Макар отошел в сторону, положил пакет на скамью и вернулся. Татьяна стояла, словно не зная, что делать дальше. Красильщиков сидел на крыльце и раскачивался из стороны в сторону.
– Зачем? – глухо спросил он, не поднимая глаз. – Таня, заче-е-е-м?! Я… я жить не мог, когда считал, что убил, а ты – ты, думаешь, сможешь?
– Я из другого теста, Андрюша, – мягко ответила Маркелова. – Я смогу.
– А тюрьма? – хмуро спросил Сергей. – Наказание за убийство вас не пугает?
– Все ваши истории, мальчики, это лишь предположения. Где тело? Где доказательство моей причастности к убийству? Нет, и никогда не будет.
– Можно все перекопать вокруг Камышовки… – угрожающе начал Бабкин.
Она презрительно пожала плечами:
– Перекапывайте! Ищите! Можете нанять поисковых собак, я бы так и сделала на вашем месте. Вы никогда ее не найдете.
– Вы человека убили, – сказал Сергей, с удивлением глядя на нее. – И хвастаетесь тем, как хорошо спрятали тело?
– Разве хвастаюсь? Нет. Я просто с вами откровенна.
– Да что с тобой, Таня? – вскрикнул Красильщиков и вскочил на ноги. – О чем ты говоришь? Как ты можешь… вот это все… про то, как ты хорошо ее спрятала… Как ты можешь?!
Лицо ее дрогнуло, и маска насмешливого превосходства исчезла, точно ее стерли одним-единственным касанием.

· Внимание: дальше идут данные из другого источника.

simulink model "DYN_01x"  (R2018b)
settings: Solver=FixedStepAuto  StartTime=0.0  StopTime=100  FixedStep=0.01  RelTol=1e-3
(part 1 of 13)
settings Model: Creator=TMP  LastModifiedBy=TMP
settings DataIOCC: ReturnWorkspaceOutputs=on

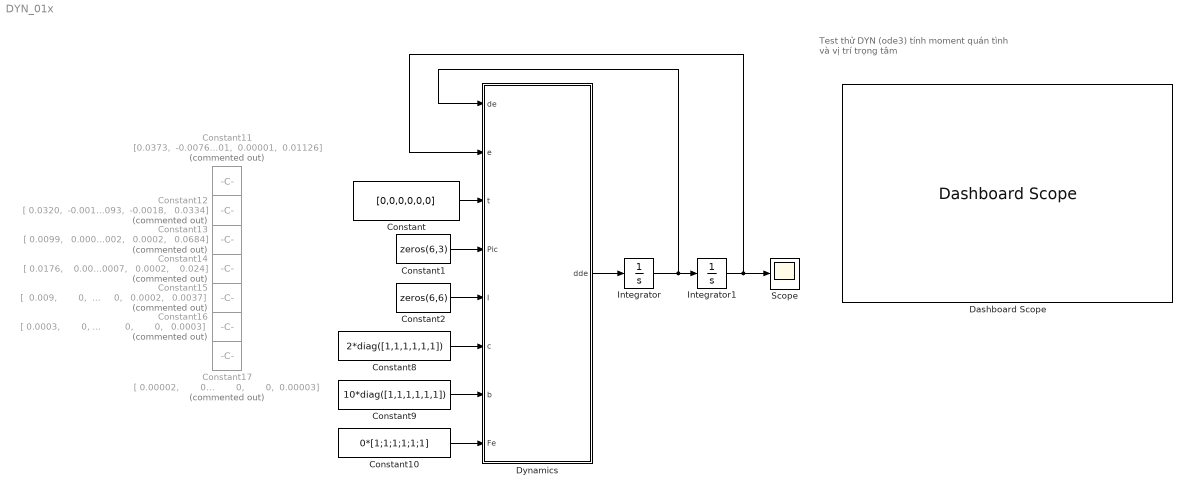
== system DYN_01x ==
  note: Test thử DYN (ode3)
      | tính moment quán tình và vị trí trọng tâm
  Constant : Constant  Value=[0,0,0,0,0,0]
  Constant1 : Constant  Value=zeros(6,3)
  Constant10 : Constant  Value=0*[1;1;1;1;1;1]
  Constant11 : Constant  Commented=on  Value=|
      | [0.0373,  -0.0076,   0.1064;
      |        0.1127,   0.0065,   0.0648;
      |        0.0447,   0.0125,  -0.0554;
      |        0.0006,   0.0052,   0.1068;
      |             0,   0.0062,   0.0195;
      |      -0.00001,  0.00001,  0.01126]
  Constant12 : Constant  Commented=on  Value=|
      | [ 0.0320,  -0.0017,   0.0093;
      |       -0.0017,   0.0364,  -0.0018;
      |        0.0093,  -0.0018,   0.0334]
  Constant13 : Constant  Commented=on  Value=|
      | [ 0.0099,   0.0008,  -0.0002;
      |        0.0008,   0.0646,   0.0002;
      |       -0.0002,   0.0002,   0.0684]
  Constant14 : Constant  Commented=on  Value=|
      | [ 0.0176,    0.001,   0.0007;
      |         0.001,   0.0195,   0.0002;
      |        0.0007,   0.0002,    0.024]
  Constant15 : Constant  Commented=on  Value=|
      | [  0.009,        0,        0;
      |             0,   0.0081,   0.0002;
      |             0,   0.0002,   0.0037]
  Constant16 : Constant  Commented=on  Value=|
      | [ 0.0003,        0,        0;
      |             0,   0.0002,        0;
      |             0,        0,   0.0003]
  Constant17 : Constant  Commented=on  Value=|
      | [ 0.00002,        0,        0;
      |              0,  0.00002,        0;
      |              0,        0,  0.00003]
  Constant2 : Constant  Value=zeros(6,6)
  Constant8 : Constant  Value=2*diag([1,1,1,1,1,1])
  Constant9 : Constant  Value=10*diag([1,1,1,1,1,1])
  Dashboard Scope : DashboardScope  WebBlockId=9
  Dynamics : MATLAB Function  TreatAsAtomicUnit=on
  Integrator : Integrator  InitialCondition=[0;0;0;0;0;0]
  Integrator1 : Integrator  InitialCondition=[0;0;0;0;0;0]
  Scope : Scope
  wires:
  Dynamics/1(dde) -> Integrator/1
  Integrator/1 -> Dynamics/1(de), Integrator1/1
  Integrator1/1 -> Dynamics/2(e), Scope/1
  Constant1/1 -> Dynamics/4(Pic)
  Constant8/1 -> Dynamics/6(c)
  Constant9/1 -> Dynamics/7(b)
  Constant10/1 -> Dynamics/8(Fe)
  Constant2/1 -> Dynamics/5(I)
  Constant/1 -> Dynamics/3(t)

На секунду Бабкину почудилось, что художница вот-вот разрыдается, кинется на шею Красильщикову, крикнет, что все выдумала, что ей стыдно за эту глупую выходку… Губы ее испуганно приоткрылись, и до болезненности беспомощное выражение пробежало по лицу, точно перед ними был маленький ребенок, не знающий, как объяснить свой проступок суровым взрослым людям.